First, internet transit is incredibly competitive. The protocols are designed
from the ground up to support changes and redundancy in network routes, so
there is not a lot preventing any company from switching ISP service aside
from their contracts and the constraints of what wires reach their data
center. Because of this competition, prices are always getting lower and
vendors are constantly working to reduce costs. Geography is a very
significant variable, of course: getting a lot of bandwidth in rural Idaho is
going to be much much more expensive than getting it in New York, London, or
Seoul because you won't have many options. The most expensive, of course, is
in markets that are regulated monopolies; many African countries have
absolutely ludicrous bandwidth costs for the same reason they are expensive to
fly to.

On the bright side, though, ISPs are constantly working to make the network
more efficient. One mechanism for this is peering, where two ISPs agree to
exchange traffic that is bound for destinations on each other's network
directly, rather than each individually paying their provider to do so. It
used to be that only large ISPs would bother to work our peering agreements
among each other, but over the past 10 years peer-to-peer traffic has
dramatically increased traffic between different ISPs in local and regional
markets, so those smaller guys have learned to do peering as well.

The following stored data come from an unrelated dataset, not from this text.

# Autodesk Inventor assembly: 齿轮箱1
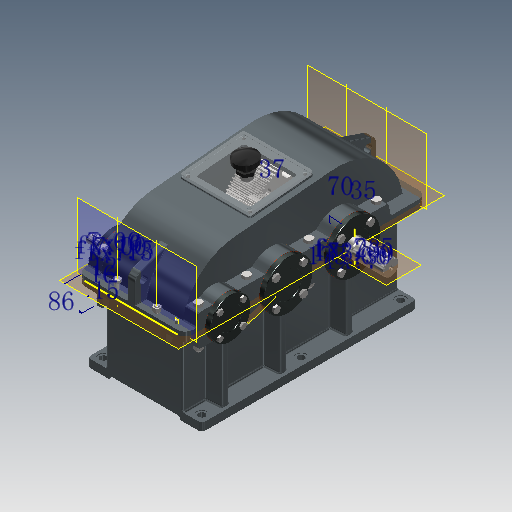
[picture p0: Inventor's stored thumbnail of the model, 512x512]
Saved by Autodesk Inventor 2025 (Build 290162000, 162)
## iProperties
Created: 2025-03-10
Part Number: 齿轮箱1
Document SubType Name: Assembly
Designer: liukan
Author: liukan
## Documents named in this file (40)
- D:\2025春夏那些过往\2025春夏课程文件\机械设计课程设计（甲）\Inventor files\齿轮箱.iam
- D:\2025春夏那些过往\2025春夏课程文件\机械设计课程设计（甲）\Inventor files\下半箱体.ipt
- D:\2025春夏那些过往\2025春夏课程文件\机械设计课程设计（甲）\Inventor files\高速轴.iam
- D:\2025春夏那些过往\2025春夏课程文件\机械设计课程设计（甲）\Inventor files\中间轴.iam
- D:\2025春夏那些过往\2025春夏课程文件\机械设计课程设计（甲）\Inventor files\低速轴.iam
- D:\2025春夏那些过往\2025春夏课程文件\机械设计课程设计（甲）\Inventor files\高速齿轮.iam
- D:\2025春夏那些过往\2025春夏课程文件\机械设计课程设计（甲）\Inventor files\低速齿轮.iam
- D:\2025春夏那些过往\2025春夏课程文件\机械设计课程设计（甲）\Inventor files\齿轮箱\设计加速器\键联接1.iam
- D:\2025春夏那些过往\2025春夏课程文件\机械设计课程设计（甲）\Inventor files\齿轮箱\设计加速器\键联接2.iam
- D:\2025春夏那些过往\2025春夏课程文件\机械设计课程设计（甲）\Inventor files\齿轮箱\设计加速器\键联接3.iam
- D:\2025春夏那些过往\2025春夏课程文件\机械设计课程设计（甲）\Inventor files\齿轮箱\设计加速器\键联接4.iam
- D:\2025春夏那些过往\2025春夏课程文件\机械设计课程设计（甲）\Inventor files\上半箱体.ipt
- D:\2025春夏那些过往\2025春夏课程文件\机械设计课程设计（甲）\Inventor files\轴承盖\轴承盖1无孔.ipt
- D:\2025春夏那些过往\2025春夏课程文件\机械设计课程设计（甲）\Inventor files\轴承盖\轴承盖1有孔.ipt
- D:\2025春夏那些过往\2025春夏课程文件\机械设计课程设计（甲）\Inventor files\轴承盖\轴承盖2.ipt
- D:\2025春夏那些过往\2025春夏课程文件\机械设计课程设计（甲）\Inventor files\轴承盖\轴承盖3无孔.ipt
- D:\2025春夏那些过往\2025春夏课程文件\机械设计课程设计（甲）\Inventor files\轴承盖\轴承盖3有孔.ipt
- D:\2025春夏那些过往\2025春夏课程文件\机械设计课程设计（甲）\Inventor files\调整垫片\调整垫片1.ipt
- D:\2025春夏那些过往\2025春夏课程文件\机械设计课程设计（甲）\Inventor files\调整垫片\调整垫片2.ipt
- D:\2025春夏那些过往\2025春夏课程文件\机械设计课程设计（甲）\Inventor files\调整垫片\调整垫片3.ipt
- D:\2025春夏那些过往\2025春夏课程文件\机械设计课程设计（甲）\Inventor files\杆式油标.ipt
- D:\2025春夏那些过往\2025春夏课程文件\机械设计课程设计（甲）\Inventor files\排油孔\封油垫.ipt
- D:\2025春夏那些过往\2025春夏课程文件\机械设计课程设计（甲）\Inventor files\排油孔\排油孔螺塞.ipt
- D:\2025春夏那些过往\2025春夏课程文件\机械设计课程设计（甲）\Inventor files\检查孔\盖板.ipt
- D:\2025春夏那些过往\2025春夏课程文件\机械设计课程设计（甲）\Inventor files\检查孔\滤网.ipt
- D:\2025春夏那些过往\2025春夏课程文件\机械设计课程设计（甲）\Inventor files\检查孔\通气器盖子.ipt
- D:\2025春夏那些过往\2025春夏课程文件\机械设计课程设计（甲）\Inventor files\检查孔\通气器主体.ipt
- D:\2025春夏那些过往\2025春夏课程文件\机械设计课程设计（甲）\Inventor files\定位销.ipt
- D:\文档\Inventor\Content Center Files\R2025\zh-CN\GB_T 5783-2000\螺栓 GB_T 5783 M10 x 25.ipt
- D:\文档\Inventor\Content Center Files\R2025\zh-CN\GB_T 5782-2000\螺栓 GB_T 5782 M10 x 35.ipt
- D:\文档\Inventor\Content Center Files\R2025\zh-CN\GB_T 5782-2000\螺栓 GB_T 5782 M12 x 100.ipt
- D:\文档\Inventor\Content Center Files\R2025\zh-CN\GB_T 6170-2000\螺母 GB_T 6170 M10.ipt
- D:\文档\Inventor\Content Center Files\R2025\zh-CN\GB_T 6170-2000\螺母 GB_T 6170 M12.ipt
- D:\文档\Inventor\Content Center Files\R2025\zh-CN\GB 93-87\垫圈 GB 93-87 10.ipt
- D:\文档\Inventor\Content Center Files\R2025\zh-CN\GB 93-87\垫圈 GB 93-87 12.ipt
- D:\文档\Inventor\Content Center Files\R2025\zh-CN\GB_T 5783-2000\螺栓 GB_T 5783 M8 x 25.ipt
- D:\2025春夏那些过往\2025春夏课程文件\机械设计课程设计（甲）\Inventor files\轴承盖\高速轴油封.ipt
- D:\2025春夏那些过往\2025春夏课程文件\机械设计课程设计（甲）\Inventor files\轴承盖\低速轴油封.ipt
- D:\2025春夏那些过往\2025春夏课程文件\机械设计课程设计（甲）\Inventor files\中间轴\中间轴套筒.ipt
- D:\2025春夏那些过往\2025春夏课程文件\机械设计课程设计（甲）\Inventor files\低速轴\低速轴套筒.ipt
## Components (95 placed, 38 different names)
1. 下半箱体:1 — 表面齐平:1, 表面齐平:2, 表面齐平:3, 角度:1, 表面齐平:4, 配合:15, 表面齐平:12, 表面齐平:13, 配合:21, 配合:23, 配合:25, 配合:27, 配合:29, 配合:31, 配合:36, 配合:40, 配合:42, 配合:44, 配合:54, 配合:55, 配合:56, 配合:57, 配合:58, 表面齐平:25, 表面齐平:30, 配合:69, 配合:77, 配合:78, 配合:81, 配合:90, 配合:94, 配合:118, 配合:123, 配合:124, 配合:129, 配合:130, 配合:135, 配合:136, 配合:140, 配合:141, 配合:240, 配合:241, 配合:242, 配合:243, 配合:244, 配合:245, 配合:246, 配合:247
2. 上半箱体:1 — 表面齐平:12, 表面齐平:13, 配合:34, 配合:38, 配合:65, 配合:66, 配合:67, 表面齐平:23, 配合:68, 表面齐平:26, 表面齐平:27, 表面齐平:29, 配合:70, 配合:79, 配合:80, 配合:89, 配合:91, 配合:92, 配合:93, 配合:117, 配合:121, 配合:122, 配合:126, 配合:127, 配合:128, 配合:133, 配合:134
3. 高速轴:1 [sub-assembly] — 角度:1, 配合:2, 配合:231
4. 中间轴:1 [sub-assembly] — 角度:2, 配合:1, 配合:5, 配合:6, 角度:9, 配合:8, 角度:11, 配合:15, 表面齐平:40, 配合:225, 配合:232, 表面齐平:47, 角度:55, 配合:248, 表面齐平:48, 角度:56, 配合:249
5. 低速轴:1 [sub-assembly] — 角度:3, 配合:4, 角度:7, 表面齐平:4, 配合:6, 角度:14, 配合:12, 配合:227, 表面齐平:41, 配合:233, 表面齐平:46, 角度:54, 配合:239, 表面齐平:49, 角度:57, 配合:250
6. 高速齿轮:1 [sub-assembly] — 配合:1, 配合:2, 角度:4, 角度:9, 配合:8, 配合:234
7. 低速齿轮:1 [sub-assembly] — 配合:4, 配合:5, 角度:11, 角度:14, 配合:12, 配合:227
8. 键联接:1 [sub-assembly] — 表面齐平:47, 角度:55, 配合:248
9. 键联接:2 [sub-assembly] — 表面齐平:48, 角度:56, 配合:249
10. 键联接:3 [sub-assembly] — 表面齐平:46, 角度:54, 配合:239
11. 键联接:4 [sub-assembly] — 表面齐平:49, 角度:57, 配合:250
12. 杆式油标:1 — 配合:54, 配合:55
13. 定位销:1 — 表面齐平:23, 配合:68, 表面齐平:24, 表面齐平:25
14. 定位销:2 — 表面齐平:26, 表面齐平:27, 表面齐平:28, 表面齐平:29, 表面齐平:30
15. 起盖螺钉 — 配合:69, 配合:70, 角度:30
16. 中间轴套筒:1 — 表面齐平:40
17. 中间轴套筒:2 — 配合:225, 配合:234
18. 低速轴套筒:1 — 表面齐平:41
19. 高速轴承闷盖 — 配合:21, 配合:22, 角度:21, 配合:43, 配合:45, 配合:146, 配合:147, 配合:152, 配合:153, 配合:154, 配合:155, 配合:156, 配合:157, 配合:158, 配合:159, 配合:160, 配合:161, 配合:231
20. 高速轴承透盖 — 配合:23, 配合:24, 角度:22, 配合:41, 配合:46, 配合:138, 配合:142, 配合:143, 配合:144, 配合:145, 配合:148, 配合:149, 配合:150, 配合:151, 配合:214, 配合:215
21. 高速轴油封:1 — 配合:214, 配合:215
22. 中间轴承闷盖1 — 配合:25, 配合:26, 角度:23, 配合:37, 配合:48, 配合:170, 配合:171, 配合:172, 配合:173, 配合:174, 配合:175, 配合:176, 配合:177, 配合:198, 配合:199, 配合:200, 配合:201, 配合:232
23. 中间轴承闷盖2 — 角度:24, 配合:27, 配合:28, 配合:39, 配合:47, 配合:162, 配合:163, 配合:164, 配合:165, 配合:166, 配合:167, 配合:168, 配合:169, 配合:194, 配合:195, 配合:196, 配合:197
24. 低速轴承闷盖 — 配合:29, 配合:30, 角度:25, 配合:35, 配合:50, 配合:178, 配合:179, 配合:180, 配合:181, 配合:182, 配合:183, 配合:184, 配合:185, 配合:202, 配合:203, 配合:204, 配合:206
25. 低速轴承透盖 — 配合:31, 配合:32, 角度:26, 配合:33, 配合:49, 配合:186, 配合:187, 配合:188, 配合:189, 配合:190, 配合:191, 配合:192, 配合:193, 配合:205, 配合:207, 配合:208, 配合:209, 配合:216, 配合:217, 配合:218, 配合:233
26. 低速轴油封:1 — 配合:216, 配合:217, 配合:218
27. 调整垫片1:1 — 配合:24, 配合:41, 配合:42, 配合:46
28. 调整垫片2:1 — 配合:28, 配合:39, 配合:40, 配合:47
29. 调整垫片3:2 — 配合:32, 配合:33, 配合:34, 配合:49
30. 调整垫片2:2 — 配合:26, 配合:37, 配合:38, 配合:48
31. 调整垫片1:2 — 配合:22, 配合:43, 配合:44, 配合:45
32. 调整垫片3:1 — 配合:30, 配合:35, 配合:36, 配合:50
33. 排油孔螺塞:1 — 配合:58, 配合:59, 配合:137
34. 封油垫片:1 — 配合:56, 配合:57, 配合:59
35. 滤网:1 — 配合:60, 配合:61
36. 通气器盖子:1 — 表面齐平:22, 配合:62
37. 通气器主体:1 — 配合:60, 配合:61, 表面齐平:22, 配合:62, 配合:63, 配合:64
38. 盖板:1 — 配合:63, 配合:64, 配合:65, 配合:66, 配合:67
39. 螺栓 GB/T 5782-2000 M10x35:1 — 配合:74, 配合:75, 配合:77, 配合:78, 角度:31
40. 螺母 GB/T 6170-2000 M10:1 — 配合:74, 配合:76
41. 垫圈 GB/T 93-1987 M10:1 — 配合:75, 配合:76, 配合:79
42. 螺栓 GB/T 5782-2000 M10x35:2 — 配合:91, 配合:90, 角度:32
43. 螺母 GB/T 6170-2000 M10:2
44. 垫圈 GB/T 93-1987 M10:2 — 配合:89
45. 螺栓 GB/T 5782-2000 M10x35:3 — 配合:93, 配合:94
46. 螺母 GB/T 6170-2000 M10:3 — 角度:33
47. 垫圈 GB/T 93-1987 M10:3 — 配合:92
48. 螺母 GB/T 6170-2000 M12:1 — 配合:72, 配合:73
49. 垫圈 GB/T 93-1987 M12:1 — 配合:71, 配合:73, 配合:81
50. 螺栓 GB/T 5782-2000 M12x100:1 — 配合:71, 配合:72, 配合:80, 配合:240
51. 螺栓 GB/T 5782-2000 M12x100:2 — 配合:117, 角度:34, 配合:241
52. 螺母 GB/T 6170-2000 M12:2
53. 垫圈 GB/T 93-1987 M12:2 — 配合:118
54. 螺栓 GB/T 5782-2000 M12x100:3 — 配合:121, 角度:35, 配合:242
55. 螺母 GB/T 6170-2000 M12:3
56. 垫圈 GB/T 93-1987 M12:3 — 配合:124
57. 螺栓 GB/T 5782-2000 M12x100:4 — 配合:122, 角度:36, 配合:243
58. 螺母 GB/T 6170-2000 M12:4
59. 垫圈 GB/T 93-1987 M12:4 — 配合:123
60. 螺栓 GB/T 5782-2000 M12x100:5 — 配合:128, 角度:37, 配合:244
61. 螺母 GB/T 6170-2000 M12:5
62. 垫圈 GB/T 93-1987 M12:5 — 配合:129
63. 螺栓 GB/T 5782-2000 M12x100:6 — 配合:126, 配合:127, 角度:38, 配合:245
64. 螺母 GB/T 6170-2000 M12:6
65. 垫圈 GB/T 93-1987 M12:6 — 配合:130
66. 螺栓 GB/T 5782-2000 M12x100:7 — 配合:134, 角度:39, 配合:246
67. 螺母 GB/T 6170-2000 M12:7
68. 垫圈 GB/T 93-1987 M12:7 — 配合:135
69. 螺栓 GB/T 5782-2000 M12x100:8 — 配合:133, 角度:40, 配合:247
70. 螺母 GB/T 6170-2000 M12:8
71. 垫圈 GB/T 93-1987 M12:8 — 配合:136
72. 螺栓 GB/T 5783-2000 M8 x 25:1 — 配合:143, 配合:148
73. 螺栓 GB/T 5783-2000 M8 x 25:2 — 配合:140, 配合:144, 配合:149
74. 螺栓 GB/T 5783-2000 M8 x 25:3 — 配合:141, 配合:145, 配合:150
75. 螺栓 GB/T 5783-2000 M8 x 25:4 — 配合:138, 配合:142, 配合:151
76. 螺栓 GB/T 5783-2000 M8 x 25:5 — 配合:152, 配合:146, 配合:147
77. 螺栓 GB/T 5783-2000 M8 x 25:6 — 配合:153, 配合:158, 配合:159
78. 螺栓 GB/T 5783-2000 M8 x 25:7 — 配合:154, 配合:157, 配合:160
79. 螺栓 GB/T 5783-2000 M8 x 25:8 — 配合:155, 配合:156, 配合:161
80. 螺栓 GB/T 5783-2000 M10 x 25:2 — 配合:162, 配合:168, 配合:194
81. 螺栓 GB/T 5783-2000 M10 x 25:3 — 配合:163, 配合:169, 配合:195
82. 螺栓 GB/T 5783-2000 M10 x 25:4 — 配合:164, 配合:167, 配合:196
83. 螺栓 GB/T 5783-2000 M10 x 25:5 — 配合:165, 配合:166, 配合:197
84. 螺栓 GB/T 5783-2000 M10 x 25:6 — 配合:170, 配合:171, 配合:198
85. 螺栓 GB/T 5783-2000 M10 x 25:7 — 配合:173, 配合:175, 配合:199
86. 螺栓 GB/T 5783-2000 M10 x 25:8 — 配合:174, 配合:177, 配合:200
87. 螺栓 GB/T 5783-2000 M10 x 25:9 — 配合:172, 配合:176, 配合:201
88. 螺栓 GB/T 5783-2000 M10 x 25:10 — 配合:178, 配合:182, 配合:202
89. 螺栓 GB/T 5783-2000 M10 x 25:11 — 配合:179, 配合:183, 配合:203
90. 螺栓 GB/T 5783-2000 M10 x 25:12 — 配合:180, 配合:184, 配合:204
91. 螺栓 GB/T 5783-2000 M10 x 25:14 — 配合:188, 配合:190, 配合:205
92. 螺栓 GB/T 5783-2000 M10 x 25:13 — 配合:181, 配合:185, 配合:206
93. 螺栓 GB/T 5783-2000 M10 x 25:15 — 配合:189, 配合:193, 配合:207
94. 螺栓 GB/T 5783-2000 M10 x 25:16 — 配合:187, 配合:192, 配合:208
95. 螺栓 GB/T 5783-2000 M10 x 25:17 — 配合:186, 配合:191, 配合:209
## Relationships (259: Mate 209, Angle 29, Flush 21)
- 表面齐平:1 [Flush]: 下半箱体:1
- 表面齐平:2 [Flush]: 下半箱体:1
- 表面齐平:3 [Flush]: 下半箱体:1
- 角度:1 [Angle] (0 deg): 下半箱体:1 ↔ 高速轴:1
- 角度:2 [Angle] (0 deg): 中间轴:1
- 角度:3 [Angle] (0 deg): 低速轴:1
- 配合:1 [Mate]: 中间轴:1 ↔ 高速齿轮:1
- 配合:2 [Mate]: 高速轴:1 ↔ 高速齿轮:1
- 角度:4 [Angle] (180 deg): 高速齿轮:1
- 配合:4 [Mate]: 低速轴:1 ↔ 低速齿轮:1
- 配合:5 [Mate]: 中间轴:1 ↔ 低速齿轮:1
- 角度:7 [Angle] (0 deg): 低速轴:1
- 表面齐平:4 [Flush]: 下半箱体:1 ↔ 低速轴:1
- 配合:6 [Mate]: 中间轴:1 ↔ 低速轴:1
- 角度:9 [Angle] (11.4804 deg): 中间轴:1 ↔ 高速齿轮:1
- 配合:8 [Mate]: 中间轴:1 ↔ 高速齿轮:1
- 角度:11 [Angle] (170.0196 deg): 中间轴:1 ↔ 低速齿轮:1
- 角度:14 [Angle] (88.2353 deg): 低速轴:1 ↔ 低速齿轮:1
- 配合:12 [Mate]: 低速轴:1 ↔ 低速齿轮:1
- 配合:15 [Mate]: 下半箱体:1 ↔ 中间轴:1
- 表面齐平:12 [Flush]: 下半箱体:1 ↔ 上半箱体:1
- 表面齐平:13 [Flush]: 下半箱体:1 ↔ 上半箱体:1
- 配合:21 [Mate]: 下半箱体:1 ↔ 高速轴承闷盖
- 配合:22 [Mate]: 高速轴承闷盖 ↔ 调整垫片1:2
- 角度:21 [Angle] (0 deg): 高速轴承闷盖
- 配合:23 [Mate]: 下半箱体:1 ↔ 高速轴承透盖
- 配合:24 [Mate]: 高速轴承透盖 ↔ 调整垫片1:1
- 角度:22 [Angle] (0 deg): 高速轴承透盖
- 配合:25 [Mate]: 下半箱体:1 ↔ 中间轴承闷盖1
- 配合:26 [Mate]: 中间轴承闷盖1 ↔ 调整垫片2:2
- 角度:23 [Angle] (0 deg): 中间轴承闷盖1
- 角度:24 [Angle] (0 deg): 中间轴承闷盖2
- 配合:27 [Mate]: 下半箱体:1 ↔ 中间轴承闷盖2
- 配合:28 [Mate]: 中间轴承闷盖2 ↔ 调整垫片2:1
- 配合:29 [Mate]: 下半箱体:1 ↔ 低速轴承闷盖
- 配合:30 [Mate]: 低速轴承闷盖 ↔ 调整垫片3:1
- 角度:25 [Angle] (0 deg): 低速轴承闷盖
- 配合:31 [Mate]: 下半箱体:1 ↔ 低速轴承透盖
- 配合:32 [Mate]: 低速轴承透盖 ↔ 调整垫片3:2
- 角度:26 [Angle] (0 deg): 低速轴承透盖
- 配合:33 [Mate]: 低速轴承透盖 ↔ 调整垫片3:2
- 配合:34 [Mate]: 上半箱体:1 ↔ 调整垫片3:2
- 配合:35 [Mate]: 低速轴承闷盖 ↔ 调整垫片3:1
- 配合:36 [Mate]: 下半箱体:1 ↔ 调整垫片3:1
- 配合:37 [Mate]: 中间轴承闷盖1 ↔ 调整垫片2:2
- 配合:38 [Mate]: 上半箱体:1 ↔ 调整垫片2:2
- 配合:39 [Mate]: 中间轴承闷盖2 ↔ 调整垫片2:1
- 配合:40 [Mate]: 下半箱体:1 ↔ 调整垫片2:1
- 配合:41 [Mate]: 高速轴承透盖 ↔ 调整垫片1:1
- 配合:42 [Mate]: 下半箱体:1 ↔ 调整垫片1:1
- 配合:43 [Mate]: 高速轴承闷盖 ↔ 调整垫片1:2
- 配合:44 [Mate]: 下半箱体:1 ↔ 调整垫片1:2
- 配合:45 [Mate]: 高速轴承闷盖 ↔ 调整垫片1:2
- 配合:46 [Mate]: 高速轴承透盖 ↔ 调整垫片1:1
- 配合:47 [Mate]: 中间轴承闷盖2 ↔ 调整垫片2:1
- 配合:48 [Mate]: 中间轴承闷盖1 ↔ 调整垫片2:2
- 配合:49 [Mate]: 低速轴承透盖 ↔ 调整垫片3:2
- 配合:50 [Mate]: 低速轴承闷盖 ↔ 调整垫片3:1
- 配合:54 [Mate]: 下半箱体:1 ↔ 杆式油标:1
- 配合:55 [Mate]: 下半箱体:1 ↔ 杆式油标:1
- 配合:56 [Mate]: 下半箱体:1 ↔ 封油垫片:1
- 配合:57 [Mate]: 下半箱体:1 ↔ 封油垫片:1
- 配合:58 [Mate]: 下半箱体:1 ↔ 排油孔螺塞:1
- 配合:59 [Mate]: 排油孔螺塞:1 ↔ 封油垫片:1
- 配合:60 [Mate]: 滤网:1 ↔ 通气器主体:1
- 配合:61 [Mate]: 滤网:1 ↔ 通气器主体:1
- 表面齐平:22 [Flush]: 通气器盖子:1 ↔ 通气器主体:1
- 配合:62 [Mate]: 通气器盖子:1 ↔ 通气器主体:1
- 配合:63 [Mate]: 通气器主体:1 ↔ 盖板:1
- 配合:64 [Mate]: 通气器主体:1 ↔ 盖板:1
- 配合:65 [Mate]: 上半箱体:1 ↔ 盖板:1
- 配合:66 [Mate]: 上半箱体:1 ↔ 盖板:1
- 配合:67 [Mate]: 上半箱体:1 ↔ 盖板:1
- 表面齐平:23 [Flush]: 上半箱体:1 ↔ 定位销:1
- 配合:68 [Mate]: 上半箱体:1 ↔ 定位销:1
- 表面齐平:24 [Flush] (-100 mm): 定位销:1
- 表面齐平:25 [Flush]: 下半箱体:1 ↔ 定位销:1
- 表面齐平:26 [Flush]: 上半箱体:1 ↔ 定位销:2
- 表面齐平:27 [Flush]: 上半箱体:1 ↔ 定位销:2
- 表面齐平:28 [Flush] (100 mm): 定位销:2
- 表面齐平:29 [Flush]: 上半箱体:1 ↔ 定位销:2
- 表面齐平:30 [Flush]: 下半箱体:1 ↔ 定位销:2
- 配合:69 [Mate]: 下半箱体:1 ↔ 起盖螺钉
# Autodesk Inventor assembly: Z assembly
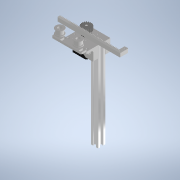
[picture p0: Inventor's stored thumbnail of the model, 180x180]
Saved by Autodesk Inventor 2022 (Build 260153000, 153)
## iProperties
Created: 2022-03-06
Part Number: Z assembly
Document SubType Name: Assembly
Designer: JK
Author: JK
## Documents named in this file (11)
- C:\Users\JK\Documents\Inventor\ScaraNema\SCARA-3DP\Parts\Z axis\Z assembly.iam
- C:\Users\JK\Documents\Inventor\ScaraNema\SCARA-3DP\Parts\Z axis\NEMA14 support.ipt
- C:\Users\JK\Documents\Inventor\ScaraNema\SCARA-3DP\Parts\Z axis\Gear.ipt
- C:\Users\JK\Documents\Inventor\ScaraNema\SCARA-3DP\Parts\Z axis\RackZ.ipt
- C:\Users\JK\Documents\Inventor\ScaraNema\SCARA-3DP\Parts\MOTOR.ipt
- C:\Users\JK\Documents\Inventor\ScaraNema\SCARA-3DP\Parts\V-Slot 20x20\V-Slot 20x20-250.ipt
- C:\Users\JK\Documents\Inventor\ScaraNema\SCARA-3DP\Parts\V-Slot 20x20.ipt
- C:\Users\JK\Documents\Inventor\ScaraNema\SCARA-3DP\Parts\Z axis\Rack support.ipt
- C:\Users\JK\Documents\Inventor\ScaraNema\SCARA-3DP\Parts\Z axis\Bearing.ipt
- C:\Users\JK\Documents\Inventor\ScaraNema\SCARA-3DP\Parts\Z axis\Roller.ipt
- C:\Users\JK\Documents\Inventor\ScaraNema\SCARA-3DP\Parts\Z axis\Separator.ipt
## Components (11 placed, 9 different names)
1. NEMA14 support:1 — Ángulo:2, Coincidencia:3, Ángulo:3, Coincidencia:4, Coincidencia:5, Nivelación:1, Coincidencia:6, Coincidencia:7, Nivelación:5
2. Gear:1 — Coincidencia:1, Coincidencia:2, Coincidencia:3, Nivelación:2
3. RackZ:1 — Ángulo:2, Nivelación:2, Nivelación:3
4. MOTOR:1 — Coincidencia:1, Coincidencia:2, Ángulo:3, Coincidencia:4, Nivelación:3
5. V-Slot 20x20-250:1 — Coincidencia:5, Nivelación:1, Coincidencia:6
6. Rack support:1 — Coincidencia:7, Nivelación:5, Coincidencia:8, Coincidencia:9, Coincidencia:10, Coincidencia:15
7. Bearing:1 — Coincidencia:8, Nivelación:6, Coincidencia:11, Coincidencia:13
8. Bearing:2 — Coincidencia:9, Coincidencia:10, Nivelación:6, Coincidencia:12
9. Roller:1 — Coincidencia:11, Nivelación:7, Coincidencia:13, Coincidencia:14
10. Roller:2 — Coincidencia:12, Nivelación:7
11. Separator:1 — Coincidencia:14, Coincidencia:15
## Relationships (23: Mate 15, Flush 6, Angle 2)
- Ángulo:2 [Angle] (180 deg): NEMA14 support:1 ↔ RackZ:1
- Coincidencia:1 [Mate]: Gear:1 ↔ MOTOR:1
- Coincidencia:2 [Mate] (2.5 mm): Gear:1 ↔ MOTOR:1
- Coincidencia:3 [Mate]: NEMA14 support:1 ↔ Gear:1
- Ángulo:3 [Angle] (0 deg): NEMA14 support:1 ↔ MOTOR:1
- Coincidencia:4 [Mate]: NEMA14 support:1 ↔ MOTOR:1
- Coincidencia:5 [Mate]: NEMA14 support:1 ↔ V-Slot 20x20-250:1
- Nivelación:1 [Flush]: NEMA14 support:1 ↔ V-Slot 20x20-250:1
- Coincidencia:6 [Mate]: NEMA14 support:1 ↔ V-Slot 20x20-250:1
- Nivelación:2 [Flush]: Gear:1 ↔ RackZ:1
- Nivelación:3 [Flush] (-0.5 mm): RackZ:1 ↔ MOTOR:1
- Coincidencia:7 [Mate]: NEMA14 support:1 ↔ Rack support:1
- Nivelación:5 [Flush]: NEMA14 support:1 ↔ Rack support:1
- Coincidencia:8 [Mate]: Rack support:1 ↔ Bearing:1
- Coincidencia:9 [Mate]: Rack support:1 ↔ Bearing:2
- Coincidencia:10 [Mate]: Rack support:1 ↔ Bearing:2
- Nivelación:6 [Flush]: Bearing:1 ↔ Bearing:2
- Coincidencia:11 [Mate]: Bearing:1 ↔ Roller:1
- Coincidencia:12 [Mate]: Bearing:2 ↔ Roller:2
- Nivelación:7 [Flush]: Roller:1 ↔ Roller:2
- Coincidencia:13 [Mate]: Bearing:1 ↔ Roller:1
- Coincidencia:14 [Mate]: Roller:1 ↔ Separator:1
- Coincidencia:15 [Mate]: Rack support:1 ↔ Separator:1

What does all this mean? I'm no libertarian, but it's hard not to be awed by
the efficiency and power of the unregulated global internet. For whatever
reason, tens of thousands of companies are working together around the world
in an amazingly cooperative and efficient way, even though many of them are
fierce competitors. We could certainly stand some of that in the domestic
telephone market, and we'll probably get it eventually, if only because the
cost of VOIP transit will probably round to zero within our lifetime.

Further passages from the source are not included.